必ず1年以内にコスモリバースシステムを持ち帰る。固い固い決意を胸に抱きながら、宇宙戦艦ヤマトは旅立った。天の川銀河を抜け、大マゼラン銀河のイスカンダル星へ。
行く手に広がるのは、人類未踏の世界だった。航海の途中ガミラスと砲火を交え、数多の苦難を乗り越え、ようやくイスカンダルへと辿り着いた。だが、女王スターシャはコスモリバースを渡すことを渋った。真田の手により開発され波動エネルギーを転用した兵器―――波動砲を装備していたからだ。それが、彼女を不安にさせた。
波動砲は一撃で木星の浮遊大陸を崩壊させるに留まらず、その余波は木星の大赤斑の形をも変えてしまう代物だ。光の壁を超える術を持つ地球人類が、他文明を支配する為の道具として使わないと、誰が断言出来る…。
沖田がスターシャへ非礼を詫びた際、「我々」と言いはしたものも、航海の判断は己に帰するものばかりに思っていた。だから、波動砲を使用した責任は全て私にある発言をしたのだ。
沖田の瞳を、スターシャは凝っと見つめていた。病の床にあるとは思えない力強い瞳を、この男はしている。地球人類の生殺与奪の権は、私が握っていたといっても過言ではない。だからなのだろう。沖田は全ての咎めを自分で背負うという意思を示した。地球人類に罪は無い。ただ、自分の責任なのだと。
スターシャは、沖田から僅かながら視線を逸らす。違う、地球人は罪では無い。罪なのは、…私達イスカンダルなのだ。
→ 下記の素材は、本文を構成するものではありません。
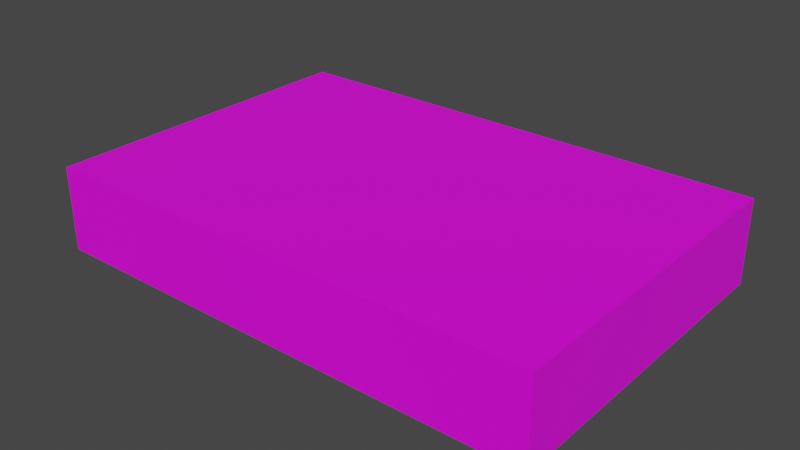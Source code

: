 # Source: FloorTrap.blend  (saved by Blender 3.6.11; exported with 4.5.12 LTS)
import bpy
from mathutils import Matrix  # noqa: F401  (used for matrix-valued properties, if any)

bpy.ops.wm.read_factory_settings(use_empty=True)
scene = bpy.context.scene
scene.name = 'Scene'

# ---- collections
col_collection = bpy.data.collections.new('Collection'); scene.collection.children.link(col_collection)

# ---- images (referenced by path relative to the original .blend; pixels are not part of the script)
import os
ASSET_DIR = os.environ.get("B2B_ASSET_DIR", "")  # directory of the original .blend (textures are referenced by path, not embedded)
HERE = os.path.dirname(os.path.abspath(__file__))  # packed textures are extracted next to this script under _unpacked/

def load_image(name, relpath, width, height, colorspace="sRGB"):
    """Load a texture the original file referenced (path relative to the .blend, or extracted next to this script)."""
    p = next((c for c in (os.path.join(HERE, relpath), os.path.join(ASSET_DIR, relpath)) if relpath and os.path.exists(c)), "")
    if p:
        img = bpy.data.images.load(p, check_existing=True)
        img.name = name
    else:  # same state as the original file: an image datablock whose file is absent (Cycles renders it pink)
        img = bpy.data.images.new(name, width, height)
        img.source = "FILE"
        img.filepath = "//" + (relpath or name)
    img.colorspace_settings.name = colorspace
    return img
img_untitled = load_image('Untitled', 'texture.png', 1024, 1024, 'sRGB')

# ---- materials (node trees are filled in below, after node groups)
mat_material_001 = bpy.data.materials.new('Material.001')
mat_material_001.use_transparent_shadow = False

# ---- material node trees
mat_material_001.use_nodes = True; mat_material_001.node_tree.nodes.clear()
_N = mat_material_001.node_tree.nodes; _L = mat_material_001.node_tree.links
n0 = _N.new('ShaderNodeBsdfPrincipled'); n0.name = 'Principled BSDF'; n0.location = (10, 300)
n0.distribution = 'GGX'
n0.subsurface_method = 'RANDOM_WALK_SKIN'
n0.inputs[3].default_value = 1.45
n0.inputs[27].default_value = (0.0, 0.0, 0.0, 1.0)
n0.inputs[28].default_value = 1.0
n1 = _N.new('ShaderNodeOutputMaterial'); n1.name = 'Material Output'; n1.location = (300, 300)
n2 = _N.new('ShaderNodeTexImage'); n2.name = 'Image Texture'; n2.location = (-280, 280)
n2.image = img_untitled
_L.new(n0.outputs[0], n1.inputs[0])
_L.new(n2.outputs[0], n0.inputs[0])
n1.is_active_output = True

# ---- world
world_world = bpy.data.worlds.new('World'); scene.world = world_world
world_world.use_nodes = True; world_world.node_tree.nodes.clear()
_N = world_world.node_tree.nodes; _L = world_world.node_tree.links
n0 = _N.new('ShaderNodeOutputWorld'); n0.name = 'World Output'; n0.location = (300, 300)
n1 = _N.new('ShaderNodeBackground'); n1.name = 'Background'; n1.location = (10, 300)
n1.inputs[0].default_value = (0.05088, 0.05088, 0.05088, 1.0)
_L.new(n1.outputs[0], n0.inputs[0])
n0.is_active_output = True
world_world.color = (0.05088, 0.05088, 0.05088)
world_world.use_sun_shadow = False
world_world.sun_shadow_jitter_overblur = 0.0

# ---- meshes
me_cube_001 = bpy.data.meshes.new('Cube.001')
me_cube_001.from_pydata([(-1.0, -1.0, -1.0), (-1.0, -1.0, 1.0), (-1.0, 1.0, -1.0), (-1.0, 1.0, 1.0), (1.0, -1.0, -1.0), (1.0, -1.0, 1.0), (1.0, 1.0, -1.0), (1.0, 1.0, 1.0)], [], [(0, 1, 3, 2), (2, 3, 7, 6), (6, 7, 5, 4), (4, 5, 1, 0), (2, 6, 4, 0), (7, 3, 1, 5)])
_uv = me_cube_001.uv_layers.new(name='UVMap')
_uv.uv.foreach_set('vector', [0.375, 0.0, 0.625, 0.0, 0.625, 0.25, 0.375, 0.25, 0.375, 0.25, 0.625, 0.25, 0.625, 0.5, 0.375, 0.5, 0.375, 0.5, 0.625, 0.5, 0.625, 0.75, 0.375, 0.75, 0.375, 0.75, 0.625, 0.75, 0.625, 1.0, 0.375, 1.0, 0.125, 0.5, 0.375, 0.5, 0.375, 0.75, 0.125, 0.75, 0.625, 0.5, 0.875, 0.5, 0.875, 0.75, 0.625, 0.75])
me_cube_001.materials.append(mat_material_001)
me_cube_001.update()
me_cube_002 = bpy.data.meshes.new('Cube.002')
me_cube_002.from_pydata([(-1.0, -1.0, -1.0), (-1.0, -1.0, 1.0), (-1.0, 1.0, -1.0), (-1.0, 1.0, 1.0), (1.0, -1.0, -1.0), (1.0, -1.0, 1.0), (1.0, 1.0, -1.0), (1.0, 1.0, 1.0)], [], [(0, 1, 3, 2), (2, 3, 7, 6), (6, 7, 5, 4), (4, 5, 1, 0), (2, 6, 4, 0), (7, 3, 1, 5)])
_uv = me_cube_002.uv_layers.new(name='UVMap')
_uv.uv.foreach_set('vector', [0.375, 0.0, 0.625, 0.0, 0.625, 0.25, 0.375, 0.25, 0.375, 0.25, 0.625, 0.25, 0.625, 0.5, 0.375, 0.5, 0.375, 0.5, 0.625, 0.5, 0.625, 0.75, 0.375, 0.75, 0.375, 0.75, 0.625, 0.75, 0.625, 1.0, 0.375, 1.0, 0.125, 0.5, 0.375, 0.5, 0.375, 0.75, 0.125, 0.75, 0.625, 0.5, 0.875, 0.5, 0.875, 0.75, 0.625, 0.75])
me_cube_002.materials.append(mat_material_001)
me_cube_002.update()
me_cube_003 = bpy.data.meshes.new('Cube.003')
me_cube_003.from_pydata([(-1.0, -1.0, -1.0), (-1.0, -1.0, 1.0), (-1.0, 1.0, -1.0), (-1.0, 1.0, 1.0), (1.0, -1.0, -1.0), (1.0, -1.0, 1.0), (1.0, 1.0, -1.0), (1.0, 1.0, 1.0)], [], [(0, 1, 3, 2), (2, 3, 7, 6), (6, 7, 5, 4), (4, 5, 1, 0), (2, 6, 4, 0), (7, 3, 1, 5)])
_uv = me_cube_003.uv_layers.new(name='UVMap')
_uv.uv.foreach_set('vector', [0.375, 0.0, 0.625, 0.0, 0.625, 0.25, 0.375, 0.25, 0.375, 0.25, 0.625, 0.25, 0.625, 0.5, 0.375, 0.5, 0.375, 0.5, 0.625, 0.5, 0.625, 0.75, 0.375, 0.75, 0.375, 0.75, 0.625, 0.75, 0.625, 1.0, 0.375, 1.0, 0.125, 0.5, 0.375, 0.5, 0.375, 0.75, 0.125, 0.75, 0.625, 0.5, 0.875, 0.5, 0.875, 0.75, 0.625, 0.75])
me_cube_003.materials.append(mat_material_001)
me_cube_003.update()
me_cube_004 = bpy.data.meshes.new('Cube.004')
me_cube_004.from_pydata([(-1.0, -1.0, -1.0), (-1.0, -1.0, 1.0), (-1.0, 1.0, -1.0), (-1.0, 1.0, 1.0), (1.0, -1.0, -1.0), (1.0, -1.0, 1.0), (1.0, 1.0, -1.0), (1.0, 1.0, 1.0)], [], [(0, 1, 3, 2), (2, 3, 7, 6), (6, 7, 5, 4), (4, 5, 1, 0), (2, 6, 4, 0), (7, 3, 1, 5)])
_uv = me_cube_004.uv_layers.new(name='UVMap')
_uv.uv.foreach_set('vector', [0.375, 0.0, 0.625, 0.0, 0.625, 0.25, 0.375, 0.25, 0.375, 0.25, 0.625, 0.25, 0.625, 0.5, 0.375, 0.5, 0.375, 0.5, 0.625, 0.5, 0.625, 0.75, 0.375, 0.75, 0.375, 0.75, 0.625, 0.75, 0.625, 1.0, 0.375, 1.0, 0.125, 0.5, 0.375, 0.5, 0.375, 0.75, 0.125, 0.75, 0.625, 0.5, 0.875, 0.5, 0.875, 0.75, 0.625, 0.75])
me_cube_004.materials.append(mat_material_001)
me_cube_004.update()
me_cube_005 = bpy.data.meshes.new('Cube.005')
me_cube_005.from_pydata([(-1.0, -1.0, -1.0), (-1.0, -1.0, 1.0), (-1.0, 1.0, -1.0), (-1.0, 1.0, 1.0), (1.0, -1.0, -1.0), (1.0, -1.0, 1.0), (1.0, 1.0, -1.0), (1.0, 1.0, 1.0)], [], [(0, 1, 3, 2), (2, 3, 7, 6), (6, 7, 5, 4), (4, 5, 1, 0), (2, 6, 4, 0), (7, 3, 1, 5)])
_uv = me_cube_005.uv_layers.new(name='UVMap')
_uv.uv.foreach_set('vector', [0.375, 0.0, 0.625, 0.0, 0.625, 0.25, 0.375, 0.25, 0.375, 0.25, 0.625, 0.25, 0.625, 0.5, 0.375, 0.5, 0.375, 0.5, 0.625, 0.5, 0.625, 0.75, 0.375, 0.75, 0.375, 0.75, 0.625, 0.75, 0.625, 1.0, 0.375, 1.0, 0.125, 0.5, 0.375, 0.5, 0.375, 0.75, 0.125, 0.75, 0.625, 0.5, 0.875, 0.5, 0.875, 0.75, 0.625, 0.75])
me_cube_005.materials.append(mat_material_001)
me_cube_005.update()
me_cube_006 = bpy.data.meshes.new('Cube.006')
me_cube_006.from_pydata([(-1.0, -1.0, -1.0), (-1.0, -1.0, 1.0), (-1.0, 1.0, -1.0), (-1.0, 1.0, 1.0), (1.0, -1.0, -1.0), (1.0, -1.0, 1.0), (1.0, 1.0, -1.0), (1.0, 1.0, 1.0)], [], [(0, 1, 3, 2), (2, 3, 7, 6), (6, 7, 5, 4), (4, 5, 1, 0), (2, 6, 4, 0), (7, 3, 1, 5)])
_uv = me_cube_006.uv_layers.new(name='UVMap')
_uv.uv.foreach_set('vector', [0.375, 0.0, 0.625, 0.0, 0.625, 0.25, 0.375, 0.25, 0.375, 0.25, 0.625, 0.25, 0.625, 0.5, 0.375, 0.5, 0.375, 0.5, 0.625, 0.5, 0.625, 0.75, 0.375, 0.75, 0.375, 0.75, 0.625, 0.75, 0.625, 1.0, 0.375, 1.0, 0.125, 0.5, 0.375, 0.5, 0.375, 0.75, 0.125, 0.75, 0.625, 0.5, 0.875, 0.5, 0.875, 0.75, 0.625, 0.75])
me_cube_006.materials.append(mat_material_001)
me_cube_006.update()
me_cube_007 = bpy.data.meshes.new('Cube.007')
me_cube_007.from_pydata([(-1.0, -1.0, -1.0), (-1.0, -1.0, 1.0), (-1.0, 1.0, -1.0), (-1.0, 1.0, 1.0), (1.0, -1.0, -1.0), (1.0, -1.0, 1.0), (1.0, 1.0, -1.0), (1.0, 1.0, 1.0)], [], [(0, 1, 3, 2), (2, 3, 7, 6), (6, 7, 5, 4), (4, 5, 1, 0), (2, 6, 4, 0), (7, 3, 1, 5)])
_uv = me_cube_007.uv_layers.new(name='UVMap')
_uv.uv.foreach_set('vector', [0.375, 0.0, 0.625, 0.0, 0.625, 0.25, 0.375, 0.25, 0.375, 0.25, 0.625, 0.25, 0.625, 0.5, 0.375, 0.5, 0.375, 0.5, 0.625, 0.5, 0.625, 0.75, 0.375, 0.75, 0.375, 0.75, 0.625, 0.75, 0.625, 1.0, 0.375, 1.0, 0.125, 0.5, 0.375, 0.5, 0.375, 0.75, 0.125, 0.75, 0.625, 0.5, 0.875, 0.5, 0.875, 0.75, 0.625, 0.75])
me_cube_007.materials.append(mat_material_001)
me_cube_007.update()
me_cube_008 = bpy.data.meshes.new('Cube.008')
me_cube_008.from_pydata([(-1.0, -1.0, -1.0), (-1.0, -1.0, 1.0), (-1.0, 1.0, -1.0), (-1.0, 1.0, 1.0), (1.0, -1.0, -1.0), (1.0, -1.0, 1.0), (1.0, 1.0, -1.0), (1.0, 1.0, 1.0)], [], [(0, 1, 3, 2), (2, 3, 7, 6), (6, 7, 5, 4), (4, 5, 1, 0), (2, 6, 4, 0), (7, 3, 1, 5)])
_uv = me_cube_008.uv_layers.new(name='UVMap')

僅かとはいえ逸らしていた視線を沖田に戻した彼女は、ポツポツと語りだした。
「あなた方が波動砲と呼ぶもの……アレを最初に作ったのは、私達です」
誰もが目を見開く中、スターシャは伏し目がちになりながらも続ける。
「かつてイスカンダルは波動砲でこの大マゼラン銀河を血に染め、帝国を築きました。しかし、満足することなく、一定の銀河系を除いて、数多もの銀河系を血に染めあげた。イスカンダルは、この宇宙の覇権を握っていたも同然だったのです」
頭上から降り注ぐ陽光が、穏やかな波に宝石のような光を与えている。だが、スターシャの表情は、どこか暗かった。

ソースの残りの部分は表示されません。